A Vale publicou a versão 02 da Política Corporativa POL-0043-G, que organiza a gestão de suas empresas e entidades em nove tipologias (de controladas integrais a OJVs/NOJVs e participações minoritárias), define atributos obrigatórios (classificação única, Executivo Responsável, vice-presidência responsável) e fixa alçadas: participações minoritárias fechadas limitadas a US$ 50 mi, orientação de voto com base na exposição e competência exclusiva do Conselho para deliberações acima de US$ 100 mi em entidades não empresariais; além de delegações ao Comitê Executivo para acordos societários até US$ 400 mi. O VP Executivo de Finanças e RI deverá reportar anualmente a aderência ao plano estratégico, movimentos societários e eventuais não conformidades.

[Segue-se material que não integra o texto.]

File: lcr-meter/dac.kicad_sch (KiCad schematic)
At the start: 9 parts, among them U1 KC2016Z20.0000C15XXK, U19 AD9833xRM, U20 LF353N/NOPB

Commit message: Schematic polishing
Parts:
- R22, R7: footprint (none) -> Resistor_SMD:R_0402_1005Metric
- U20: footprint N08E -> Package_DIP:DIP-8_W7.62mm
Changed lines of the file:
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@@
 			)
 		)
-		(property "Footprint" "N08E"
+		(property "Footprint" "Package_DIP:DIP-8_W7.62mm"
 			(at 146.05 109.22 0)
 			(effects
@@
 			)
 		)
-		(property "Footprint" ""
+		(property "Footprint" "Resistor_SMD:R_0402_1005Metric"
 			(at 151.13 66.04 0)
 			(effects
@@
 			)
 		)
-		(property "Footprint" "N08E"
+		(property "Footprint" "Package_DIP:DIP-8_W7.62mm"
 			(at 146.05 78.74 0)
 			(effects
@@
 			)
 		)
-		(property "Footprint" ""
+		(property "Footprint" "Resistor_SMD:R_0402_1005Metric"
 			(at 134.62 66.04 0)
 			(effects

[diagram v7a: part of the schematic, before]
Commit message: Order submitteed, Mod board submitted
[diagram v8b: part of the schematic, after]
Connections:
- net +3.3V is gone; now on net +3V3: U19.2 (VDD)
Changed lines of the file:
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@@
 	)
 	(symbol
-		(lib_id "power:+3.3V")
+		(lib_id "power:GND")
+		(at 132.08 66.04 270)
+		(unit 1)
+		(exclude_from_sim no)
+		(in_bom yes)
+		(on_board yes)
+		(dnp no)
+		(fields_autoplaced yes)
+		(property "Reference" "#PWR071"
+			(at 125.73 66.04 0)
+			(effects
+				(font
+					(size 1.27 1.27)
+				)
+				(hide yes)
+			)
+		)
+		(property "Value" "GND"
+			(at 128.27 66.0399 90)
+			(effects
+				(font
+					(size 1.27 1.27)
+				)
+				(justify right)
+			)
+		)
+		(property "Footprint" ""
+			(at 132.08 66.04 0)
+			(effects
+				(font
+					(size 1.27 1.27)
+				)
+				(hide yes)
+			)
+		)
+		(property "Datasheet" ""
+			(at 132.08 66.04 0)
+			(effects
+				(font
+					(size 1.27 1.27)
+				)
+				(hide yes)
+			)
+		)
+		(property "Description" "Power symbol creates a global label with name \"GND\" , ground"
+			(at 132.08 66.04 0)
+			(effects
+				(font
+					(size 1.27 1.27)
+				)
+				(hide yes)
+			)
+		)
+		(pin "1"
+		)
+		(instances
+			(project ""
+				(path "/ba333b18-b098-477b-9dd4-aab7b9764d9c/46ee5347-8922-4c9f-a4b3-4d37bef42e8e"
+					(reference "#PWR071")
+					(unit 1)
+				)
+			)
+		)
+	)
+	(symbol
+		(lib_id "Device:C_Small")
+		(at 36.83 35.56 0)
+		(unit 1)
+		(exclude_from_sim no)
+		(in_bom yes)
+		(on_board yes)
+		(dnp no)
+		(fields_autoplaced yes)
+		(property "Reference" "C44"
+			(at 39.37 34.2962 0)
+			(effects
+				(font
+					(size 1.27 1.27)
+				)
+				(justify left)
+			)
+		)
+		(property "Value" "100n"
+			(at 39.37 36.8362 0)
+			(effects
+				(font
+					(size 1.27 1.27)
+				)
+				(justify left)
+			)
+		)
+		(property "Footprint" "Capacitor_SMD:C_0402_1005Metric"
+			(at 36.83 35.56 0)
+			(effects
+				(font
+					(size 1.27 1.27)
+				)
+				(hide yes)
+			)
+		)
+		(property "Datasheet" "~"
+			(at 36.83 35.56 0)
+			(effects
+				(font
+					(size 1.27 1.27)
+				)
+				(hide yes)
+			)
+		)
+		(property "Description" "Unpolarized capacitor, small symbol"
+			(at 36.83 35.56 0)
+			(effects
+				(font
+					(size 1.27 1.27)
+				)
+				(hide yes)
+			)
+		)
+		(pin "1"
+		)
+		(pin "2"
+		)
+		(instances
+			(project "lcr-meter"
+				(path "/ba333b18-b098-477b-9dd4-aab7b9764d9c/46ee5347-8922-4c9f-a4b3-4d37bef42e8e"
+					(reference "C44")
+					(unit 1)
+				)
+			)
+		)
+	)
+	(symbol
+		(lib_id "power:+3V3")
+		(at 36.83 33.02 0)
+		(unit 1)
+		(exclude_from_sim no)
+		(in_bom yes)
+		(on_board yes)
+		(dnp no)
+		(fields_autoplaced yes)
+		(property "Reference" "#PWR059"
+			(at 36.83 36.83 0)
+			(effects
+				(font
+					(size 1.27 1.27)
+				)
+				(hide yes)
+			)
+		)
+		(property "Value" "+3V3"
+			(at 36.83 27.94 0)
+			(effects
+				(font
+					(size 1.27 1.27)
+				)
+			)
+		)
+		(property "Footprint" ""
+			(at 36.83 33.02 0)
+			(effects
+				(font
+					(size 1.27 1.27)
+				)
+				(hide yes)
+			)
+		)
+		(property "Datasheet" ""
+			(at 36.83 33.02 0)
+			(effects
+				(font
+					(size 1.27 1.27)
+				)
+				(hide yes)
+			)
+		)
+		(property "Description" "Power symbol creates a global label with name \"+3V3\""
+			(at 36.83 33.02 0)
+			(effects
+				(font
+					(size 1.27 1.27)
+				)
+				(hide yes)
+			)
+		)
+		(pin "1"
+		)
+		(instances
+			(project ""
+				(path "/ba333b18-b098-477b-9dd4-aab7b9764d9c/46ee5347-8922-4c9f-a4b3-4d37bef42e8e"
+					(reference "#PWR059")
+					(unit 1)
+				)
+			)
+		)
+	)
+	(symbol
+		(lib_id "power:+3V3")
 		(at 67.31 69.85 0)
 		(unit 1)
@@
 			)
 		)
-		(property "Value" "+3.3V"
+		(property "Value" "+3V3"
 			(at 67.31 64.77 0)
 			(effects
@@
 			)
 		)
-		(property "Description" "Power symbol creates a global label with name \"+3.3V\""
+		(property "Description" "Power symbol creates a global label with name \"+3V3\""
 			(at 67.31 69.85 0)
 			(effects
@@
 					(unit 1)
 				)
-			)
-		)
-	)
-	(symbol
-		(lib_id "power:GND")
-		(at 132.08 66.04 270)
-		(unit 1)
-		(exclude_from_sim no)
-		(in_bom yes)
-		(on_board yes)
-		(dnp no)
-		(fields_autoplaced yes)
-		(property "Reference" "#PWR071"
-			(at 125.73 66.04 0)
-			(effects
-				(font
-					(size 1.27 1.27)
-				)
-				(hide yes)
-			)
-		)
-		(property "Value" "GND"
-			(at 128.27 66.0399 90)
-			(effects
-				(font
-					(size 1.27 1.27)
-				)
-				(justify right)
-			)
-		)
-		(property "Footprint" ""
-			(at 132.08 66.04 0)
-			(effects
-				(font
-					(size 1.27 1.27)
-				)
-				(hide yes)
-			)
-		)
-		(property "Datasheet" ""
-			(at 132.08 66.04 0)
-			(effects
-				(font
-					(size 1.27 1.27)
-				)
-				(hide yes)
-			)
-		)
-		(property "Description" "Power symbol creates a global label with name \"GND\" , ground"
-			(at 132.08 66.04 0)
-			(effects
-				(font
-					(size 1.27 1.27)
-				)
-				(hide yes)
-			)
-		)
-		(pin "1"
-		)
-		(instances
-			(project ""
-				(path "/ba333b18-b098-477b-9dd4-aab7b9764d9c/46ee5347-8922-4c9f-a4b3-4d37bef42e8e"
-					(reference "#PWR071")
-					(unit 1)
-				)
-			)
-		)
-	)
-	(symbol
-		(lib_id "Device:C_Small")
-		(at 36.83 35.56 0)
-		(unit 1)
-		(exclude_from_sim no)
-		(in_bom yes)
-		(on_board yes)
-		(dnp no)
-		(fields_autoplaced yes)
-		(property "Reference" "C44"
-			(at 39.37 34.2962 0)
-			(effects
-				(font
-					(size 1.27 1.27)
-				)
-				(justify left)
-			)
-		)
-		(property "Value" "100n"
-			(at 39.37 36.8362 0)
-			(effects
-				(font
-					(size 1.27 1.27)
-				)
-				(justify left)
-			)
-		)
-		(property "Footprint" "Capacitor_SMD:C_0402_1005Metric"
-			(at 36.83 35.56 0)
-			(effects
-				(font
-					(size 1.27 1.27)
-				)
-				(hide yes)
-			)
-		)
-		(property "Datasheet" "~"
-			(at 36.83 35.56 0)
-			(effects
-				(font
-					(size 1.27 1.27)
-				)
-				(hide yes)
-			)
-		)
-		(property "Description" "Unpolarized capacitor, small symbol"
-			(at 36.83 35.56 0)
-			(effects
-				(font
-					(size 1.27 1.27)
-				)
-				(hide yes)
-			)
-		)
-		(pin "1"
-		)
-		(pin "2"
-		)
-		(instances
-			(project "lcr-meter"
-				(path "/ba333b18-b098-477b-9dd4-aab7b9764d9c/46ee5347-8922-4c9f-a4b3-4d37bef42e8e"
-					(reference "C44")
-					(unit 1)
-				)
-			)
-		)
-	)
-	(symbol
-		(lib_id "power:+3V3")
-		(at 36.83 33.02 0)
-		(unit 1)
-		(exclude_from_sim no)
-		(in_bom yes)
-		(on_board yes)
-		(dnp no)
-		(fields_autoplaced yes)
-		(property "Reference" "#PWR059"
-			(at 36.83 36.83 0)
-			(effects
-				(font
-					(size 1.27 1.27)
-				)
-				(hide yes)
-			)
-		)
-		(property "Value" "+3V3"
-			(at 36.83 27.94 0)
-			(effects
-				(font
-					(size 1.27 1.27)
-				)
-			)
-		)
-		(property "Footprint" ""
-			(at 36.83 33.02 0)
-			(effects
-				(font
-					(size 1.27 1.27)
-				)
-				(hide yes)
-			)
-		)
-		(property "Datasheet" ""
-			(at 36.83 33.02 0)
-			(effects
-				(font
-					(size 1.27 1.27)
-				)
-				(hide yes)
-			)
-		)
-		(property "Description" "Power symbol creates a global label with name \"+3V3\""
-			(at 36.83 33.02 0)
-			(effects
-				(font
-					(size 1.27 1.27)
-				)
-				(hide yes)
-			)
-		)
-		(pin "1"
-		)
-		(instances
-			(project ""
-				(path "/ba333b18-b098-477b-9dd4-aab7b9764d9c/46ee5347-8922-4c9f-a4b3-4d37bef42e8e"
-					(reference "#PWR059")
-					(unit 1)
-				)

Este marco consolida a espinha de governança que habilita a estratégia de portfólio flexível e disciplina de capital da companhia. É a peça que conecta alçadas, accountability e priorização por retorno — o mesmo racional que pautou a redução seletiva do CAPEX 2025 e o guidance granular de vendas. Ao exigir classificação única das investidas, Executivo Responsável e reporte anual do VP de Finanças e RI, a Vale transforma governança societária em ferramenta de alocação de capital e de execução do planejamento, reduzindo assimetrias entre controladas, OJVs e participações minoritárias e fortalecendo a coerência entre orçamento, metas e performance operacional.
Nas OJVs e NOJVs, a política padroniza presença em conselho, planos de influência e a incorporação do business plan ao orçamento da Vale, além de detalhar orientação de voto conforme exposição e Política de Alçadas. Esse desenho dialoga diretamente com a formação da joint venture na Aliança Energia com energia renovável competitiva e contratos em USD, ao reforçar que parcerias estratégicas devem ter governança ativa, integração de planejamento e critérios claros para deliberações relevantes. Na prática, reduzir a volatilidade de um insumo crítico (energia) em operações eletrointensivas e atrelar decisões societárias a limites de materialidade aumenta previsibilidade de caixa, melhora o hedge natural em dólar e eleva a qualidade do risco percebido por credores e investidores.
Ao avocar indicações de agentes de governança em entidades materiais (MRS, VLI, Samarco, Fundação Vale, Fundação Renova, Vale Base Metals, Vale Canada, Salobo, Onça Puma e PTVI), o Conselho dá sinal inequívoco de que ativos e instituições críticas terão supervisão reforçada. Isso se alinha ao avanço recente em gestão de riscos socioambientais e transparência, cuja convergência foi detalhada no webinar ESG que mostrou progresso em reparação, segurança de barragens e clima. Em conjunto, a nova política transforma governança societária em alavanca de execução: sustenta a previsibilidade operacional, protege a disciplina de capital e cria um fio condutor entre estratégia, decisões de voto e entrega de projetos, reduzindo o prêmio de risco e favorecendo a captura de valor por qualidade.